(TASK TO COMPLETE): A stretch of the entries below is to be set down exactly, running from the line with "circle A18 centre (-33.2046, -232.44)" through the line with "of L35.end A16.centre", both included, and no other line.

(PROVIDED RECORDS):
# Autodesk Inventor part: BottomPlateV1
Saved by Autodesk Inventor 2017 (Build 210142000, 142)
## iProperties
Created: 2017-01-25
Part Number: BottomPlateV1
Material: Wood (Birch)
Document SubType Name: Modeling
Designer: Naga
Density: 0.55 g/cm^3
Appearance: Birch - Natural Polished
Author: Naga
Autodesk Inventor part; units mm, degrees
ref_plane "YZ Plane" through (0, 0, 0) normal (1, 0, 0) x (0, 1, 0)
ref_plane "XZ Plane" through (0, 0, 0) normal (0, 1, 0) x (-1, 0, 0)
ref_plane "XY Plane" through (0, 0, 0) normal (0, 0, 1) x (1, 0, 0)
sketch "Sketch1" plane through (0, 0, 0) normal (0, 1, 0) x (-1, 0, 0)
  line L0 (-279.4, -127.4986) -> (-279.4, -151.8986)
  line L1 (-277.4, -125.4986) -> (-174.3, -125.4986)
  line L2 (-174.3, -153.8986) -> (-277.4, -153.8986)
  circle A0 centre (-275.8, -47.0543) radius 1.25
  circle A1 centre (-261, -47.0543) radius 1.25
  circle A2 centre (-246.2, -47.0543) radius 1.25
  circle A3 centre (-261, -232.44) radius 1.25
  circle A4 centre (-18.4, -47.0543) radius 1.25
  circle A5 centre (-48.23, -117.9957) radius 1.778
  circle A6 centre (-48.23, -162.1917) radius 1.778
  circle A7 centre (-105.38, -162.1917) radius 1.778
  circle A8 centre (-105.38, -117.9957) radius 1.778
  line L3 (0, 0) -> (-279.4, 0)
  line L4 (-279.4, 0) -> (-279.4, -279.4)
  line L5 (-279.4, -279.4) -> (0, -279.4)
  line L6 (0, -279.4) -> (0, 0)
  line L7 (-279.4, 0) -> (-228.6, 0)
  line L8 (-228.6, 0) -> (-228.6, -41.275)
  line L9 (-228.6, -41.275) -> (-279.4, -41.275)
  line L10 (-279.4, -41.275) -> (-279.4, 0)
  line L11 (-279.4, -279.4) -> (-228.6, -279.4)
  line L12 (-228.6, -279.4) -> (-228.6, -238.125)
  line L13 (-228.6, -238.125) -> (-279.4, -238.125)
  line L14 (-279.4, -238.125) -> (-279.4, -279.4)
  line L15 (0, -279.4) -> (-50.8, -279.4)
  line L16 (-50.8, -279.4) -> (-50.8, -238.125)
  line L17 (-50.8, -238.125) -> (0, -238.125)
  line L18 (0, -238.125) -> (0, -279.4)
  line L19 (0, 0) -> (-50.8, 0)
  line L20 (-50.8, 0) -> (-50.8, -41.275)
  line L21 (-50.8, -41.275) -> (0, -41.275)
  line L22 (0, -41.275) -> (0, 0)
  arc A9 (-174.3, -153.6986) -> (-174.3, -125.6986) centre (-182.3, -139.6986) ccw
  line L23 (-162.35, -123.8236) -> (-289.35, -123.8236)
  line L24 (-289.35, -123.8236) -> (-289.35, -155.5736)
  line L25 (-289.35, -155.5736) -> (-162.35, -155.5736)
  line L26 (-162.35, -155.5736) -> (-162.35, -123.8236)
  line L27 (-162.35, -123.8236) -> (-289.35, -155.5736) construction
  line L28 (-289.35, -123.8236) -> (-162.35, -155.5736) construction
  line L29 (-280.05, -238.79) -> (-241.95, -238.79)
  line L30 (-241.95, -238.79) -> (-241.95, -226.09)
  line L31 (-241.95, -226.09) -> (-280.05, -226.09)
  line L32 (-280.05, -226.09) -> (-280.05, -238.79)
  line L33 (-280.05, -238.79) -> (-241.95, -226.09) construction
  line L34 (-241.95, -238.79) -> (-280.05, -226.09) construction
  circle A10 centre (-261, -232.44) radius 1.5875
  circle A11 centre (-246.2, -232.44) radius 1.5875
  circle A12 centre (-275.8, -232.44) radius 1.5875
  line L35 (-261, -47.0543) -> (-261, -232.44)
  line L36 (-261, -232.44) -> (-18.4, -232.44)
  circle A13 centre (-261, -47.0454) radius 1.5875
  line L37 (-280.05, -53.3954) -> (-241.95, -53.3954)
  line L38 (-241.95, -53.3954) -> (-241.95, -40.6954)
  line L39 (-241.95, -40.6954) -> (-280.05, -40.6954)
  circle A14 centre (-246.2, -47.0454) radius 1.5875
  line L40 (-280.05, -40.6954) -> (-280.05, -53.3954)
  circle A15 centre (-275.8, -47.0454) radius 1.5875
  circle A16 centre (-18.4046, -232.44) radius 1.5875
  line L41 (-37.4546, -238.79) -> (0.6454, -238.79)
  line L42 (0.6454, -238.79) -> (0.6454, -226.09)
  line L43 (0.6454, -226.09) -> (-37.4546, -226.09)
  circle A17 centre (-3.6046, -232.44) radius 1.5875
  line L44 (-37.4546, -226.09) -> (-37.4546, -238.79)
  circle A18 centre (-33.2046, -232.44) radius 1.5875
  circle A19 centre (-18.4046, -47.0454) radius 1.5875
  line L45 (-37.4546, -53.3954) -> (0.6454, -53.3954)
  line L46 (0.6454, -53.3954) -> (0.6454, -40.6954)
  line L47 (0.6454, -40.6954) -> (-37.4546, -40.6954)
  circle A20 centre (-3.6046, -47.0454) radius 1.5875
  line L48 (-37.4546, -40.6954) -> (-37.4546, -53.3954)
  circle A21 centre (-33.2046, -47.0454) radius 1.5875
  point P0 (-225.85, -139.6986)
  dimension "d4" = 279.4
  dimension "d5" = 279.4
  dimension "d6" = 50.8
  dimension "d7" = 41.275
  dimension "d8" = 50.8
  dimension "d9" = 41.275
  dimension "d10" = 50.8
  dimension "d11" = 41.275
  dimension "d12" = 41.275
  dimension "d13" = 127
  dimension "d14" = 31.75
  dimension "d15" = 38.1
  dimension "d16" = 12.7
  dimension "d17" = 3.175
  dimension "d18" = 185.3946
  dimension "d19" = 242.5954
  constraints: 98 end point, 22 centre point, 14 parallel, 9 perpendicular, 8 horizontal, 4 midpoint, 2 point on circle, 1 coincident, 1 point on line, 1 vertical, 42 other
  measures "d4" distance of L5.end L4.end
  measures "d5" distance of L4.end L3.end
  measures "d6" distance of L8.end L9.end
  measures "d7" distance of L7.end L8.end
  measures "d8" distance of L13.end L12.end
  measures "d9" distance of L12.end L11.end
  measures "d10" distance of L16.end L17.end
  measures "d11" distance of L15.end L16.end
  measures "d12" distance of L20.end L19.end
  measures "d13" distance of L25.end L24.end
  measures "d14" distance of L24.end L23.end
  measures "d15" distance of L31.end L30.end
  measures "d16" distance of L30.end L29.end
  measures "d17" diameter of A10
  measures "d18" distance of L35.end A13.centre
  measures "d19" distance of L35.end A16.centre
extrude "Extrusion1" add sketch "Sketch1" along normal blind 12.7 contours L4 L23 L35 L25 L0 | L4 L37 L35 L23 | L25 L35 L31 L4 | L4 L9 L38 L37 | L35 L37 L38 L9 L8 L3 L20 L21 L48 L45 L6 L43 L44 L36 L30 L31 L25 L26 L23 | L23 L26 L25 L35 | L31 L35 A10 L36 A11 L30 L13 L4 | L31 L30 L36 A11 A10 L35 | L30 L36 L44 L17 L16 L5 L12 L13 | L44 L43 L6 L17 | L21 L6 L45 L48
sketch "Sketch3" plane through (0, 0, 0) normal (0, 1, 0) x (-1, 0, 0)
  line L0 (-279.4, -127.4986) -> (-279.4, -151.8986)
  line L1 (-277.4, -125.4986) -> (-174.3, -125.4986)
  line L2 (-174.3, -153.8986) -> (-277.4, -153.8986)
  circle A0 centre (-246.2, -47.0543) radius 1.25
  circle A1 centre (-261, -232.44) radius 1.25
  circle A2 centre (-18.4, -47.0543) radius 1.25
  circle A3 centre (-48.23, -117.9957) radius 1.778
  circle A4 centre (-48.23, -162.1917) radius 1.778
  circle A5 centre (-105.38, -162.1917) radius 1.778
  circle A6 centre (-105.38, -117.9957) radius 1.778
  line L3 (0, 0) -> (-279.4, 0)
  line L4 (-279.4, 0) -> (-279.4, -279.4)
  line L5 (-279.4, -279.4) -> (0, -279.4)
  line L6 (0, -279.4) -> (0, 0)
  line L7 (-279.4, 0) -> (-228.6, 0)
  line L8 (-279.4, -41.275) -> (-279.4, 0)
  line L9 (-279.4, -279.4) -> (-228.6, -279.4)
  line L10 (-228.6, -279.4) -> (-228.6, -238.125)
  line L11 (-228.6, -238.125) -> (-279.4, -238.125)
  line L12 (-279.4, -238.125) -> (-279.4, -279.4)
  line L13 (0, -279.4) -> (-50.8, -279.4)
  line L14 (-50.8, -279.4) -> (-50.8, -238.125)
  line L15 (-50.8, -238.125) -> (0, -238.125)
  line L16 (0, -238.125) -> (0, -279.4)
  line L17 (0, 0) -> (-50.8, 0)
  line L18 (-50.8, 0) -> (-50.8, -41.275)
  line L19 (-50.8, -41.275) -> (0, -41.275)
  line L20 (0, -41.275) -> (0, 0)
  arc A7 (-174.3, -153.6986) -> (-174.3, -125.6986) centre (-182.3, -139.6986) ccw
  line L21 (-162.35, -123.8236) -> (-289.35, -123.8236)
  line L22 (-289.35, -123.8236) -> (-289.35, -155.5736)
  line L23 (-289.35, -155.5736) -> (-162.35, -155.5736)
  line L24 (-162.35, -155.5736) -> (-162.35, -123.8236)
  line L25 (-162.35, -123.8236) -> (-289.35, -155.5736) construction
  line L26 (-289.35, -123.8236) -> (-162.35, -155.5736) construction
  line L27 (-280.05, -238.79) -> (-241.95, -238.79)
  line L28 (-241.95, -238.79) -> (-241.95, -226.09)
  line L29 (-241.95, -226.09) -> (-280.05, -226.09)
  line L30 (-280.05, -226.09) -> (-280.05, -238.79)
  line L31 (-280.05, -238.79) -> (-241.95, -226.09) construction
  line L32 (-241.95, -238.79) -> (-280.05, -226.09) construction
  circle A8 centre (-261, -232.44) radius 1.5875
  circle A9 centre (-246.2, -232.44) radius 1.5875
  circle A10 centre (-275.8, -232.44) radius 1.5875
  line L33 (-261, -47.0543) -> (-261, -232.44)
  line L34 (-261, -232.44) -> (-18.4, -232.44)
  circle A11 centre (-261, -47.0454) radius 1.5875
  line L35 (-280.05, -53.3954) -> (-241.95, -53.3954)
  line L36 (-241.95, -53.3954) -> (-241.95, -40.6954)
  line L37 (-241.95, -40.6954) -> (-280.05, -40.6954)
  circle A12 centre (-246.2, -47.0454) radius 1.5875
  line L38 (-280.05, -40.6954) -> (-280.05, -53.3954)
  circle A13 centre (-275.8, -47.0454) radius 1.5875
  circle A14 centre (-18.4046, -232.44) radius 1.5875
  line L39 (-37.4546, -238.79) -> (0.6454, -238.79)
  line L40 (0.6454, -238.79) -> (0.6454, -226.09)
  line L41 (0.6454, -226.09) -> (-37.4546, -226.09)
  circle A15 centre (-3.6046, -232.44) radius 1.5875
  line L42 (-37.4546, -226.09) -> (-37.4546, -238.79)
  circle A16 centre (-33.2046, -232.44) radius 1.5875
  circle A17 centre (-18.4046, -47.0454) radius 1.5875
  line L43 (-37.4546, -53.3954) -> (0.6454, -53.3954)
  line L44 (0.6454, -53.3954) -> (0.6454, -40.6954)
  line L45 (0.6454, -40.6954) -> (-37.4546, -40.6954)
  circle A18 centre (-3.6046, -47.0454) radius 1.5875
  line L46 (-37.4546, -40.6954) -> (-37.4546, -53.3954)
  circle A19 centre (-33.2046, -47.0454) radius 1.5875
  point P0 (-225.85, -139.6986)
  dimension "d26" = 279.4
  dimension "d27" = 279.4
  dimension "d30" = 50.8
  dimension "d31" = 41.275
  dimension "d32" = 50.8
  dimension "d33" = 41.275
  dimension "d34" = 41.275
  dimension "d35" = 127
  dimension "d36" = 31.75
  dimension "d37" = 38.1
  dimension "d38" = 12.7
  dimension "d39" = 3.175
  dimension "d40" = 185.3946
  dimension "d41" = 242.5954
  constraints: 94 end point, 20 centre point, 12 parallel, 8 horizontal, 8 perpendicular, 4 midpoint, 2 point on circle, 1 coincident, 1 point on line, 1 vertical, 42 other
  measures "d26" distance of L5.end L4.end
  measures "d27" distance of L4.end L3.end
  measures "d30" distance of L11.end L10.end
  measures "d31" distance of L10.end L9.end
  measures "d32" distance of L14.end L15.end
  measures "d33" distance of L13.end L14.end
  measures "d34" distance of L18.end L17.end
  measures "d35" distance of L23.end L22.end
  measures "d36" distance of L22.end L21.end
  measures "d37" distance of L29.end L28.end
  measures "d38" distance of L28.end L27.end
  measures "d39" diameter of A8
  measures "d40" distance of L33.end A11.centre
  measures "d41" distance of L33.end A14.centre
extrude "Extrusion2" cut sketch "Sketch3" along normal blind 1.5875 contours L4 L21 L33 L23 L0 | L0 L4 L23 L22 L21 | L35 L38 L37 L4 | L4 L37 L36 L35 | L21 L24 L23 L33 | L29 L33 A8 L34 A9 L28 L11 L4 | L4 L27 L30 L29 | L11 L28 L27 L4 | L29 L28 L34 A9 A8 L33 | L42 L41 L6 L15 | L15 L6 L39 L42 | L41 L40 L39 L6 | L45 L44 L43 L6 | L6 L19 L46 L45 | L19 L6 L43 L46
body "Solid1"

(ANSWER SECTION):
  circle A18 centre (-33.2046, -232.44) radius 1.5875
  circle A19 centre (-18.4046, -47.0454) radius 1.5875
  line L45 (-37.4546, -53.3954) -> (0.6454, -53.3954)
  line L46 (0.6454, -53.3954) -> (0.6454, -40.6954)
  line L47 (0.6454, -40.6954) -> (-37.4546, -40.6954)
  circle A20 centre (-3.6046, -47.0454) radius 1.5875
  line L48 (-37.4546, -40.6954) -> (-37.4546, -53.3954)
  circle A21 centre (-33.2046, -47.0454) radius 1.5875
  point P0 (-225.85, -139.6986)
  dimension "d4" = 279.4
  dimension "d5" = 279.4
  dimension "d6" = 50.8
  dimension "d7" = 41.275
  dimension "d8" = 50.8
  dimension "d9" = 41.275
  dimension "d10" = 50.8
  dimension "d11" = 41.275
  dimension "d12" = 41.275
  dimension "d13" = 127
  dimension "d14" = 31.75
  dimension "d15" = 38.1
  dimension "d16" = 12.7
  dimension "d17" = 3.175
  dimension "d18" = 185.3946
  dimension "d19" = 242.5954
  constraints: 98 end point, 22 centre point, 14 parallel, 9 perpendicular, 8 horizontal, 4 midpoint, 2 point on circle, 1 coincident, 1 point on line, 1 vertical, 42 other
  measures "d4" distance of L5.end L4.end
  measures "d5" distance of L4.end L3.end
  measures "d6" distance of L8.end L9.end
  measures "d7" distance of L7.end L8.end
  measures "d8" distance of L13.end L12.end
  measures "d9" distance of L12.end L11.end
  measures "d10" distance of L16.end L17.end
  measures "d11" distance of L15.end L16.end
  measures "d12" distance of L20.end L19.end
  measures "d13" distance of L25.end L24.end
  measures "d14" distance of L24.end L23.end
  measures "d15" distance of L31.end L30.end
  measures "d16" distance of L30.end L29.end
  measures "d17" diameter of A10
  measures "d18" distance of L35.end A13.centre
  measures "d19" distance of L35.end A16.centre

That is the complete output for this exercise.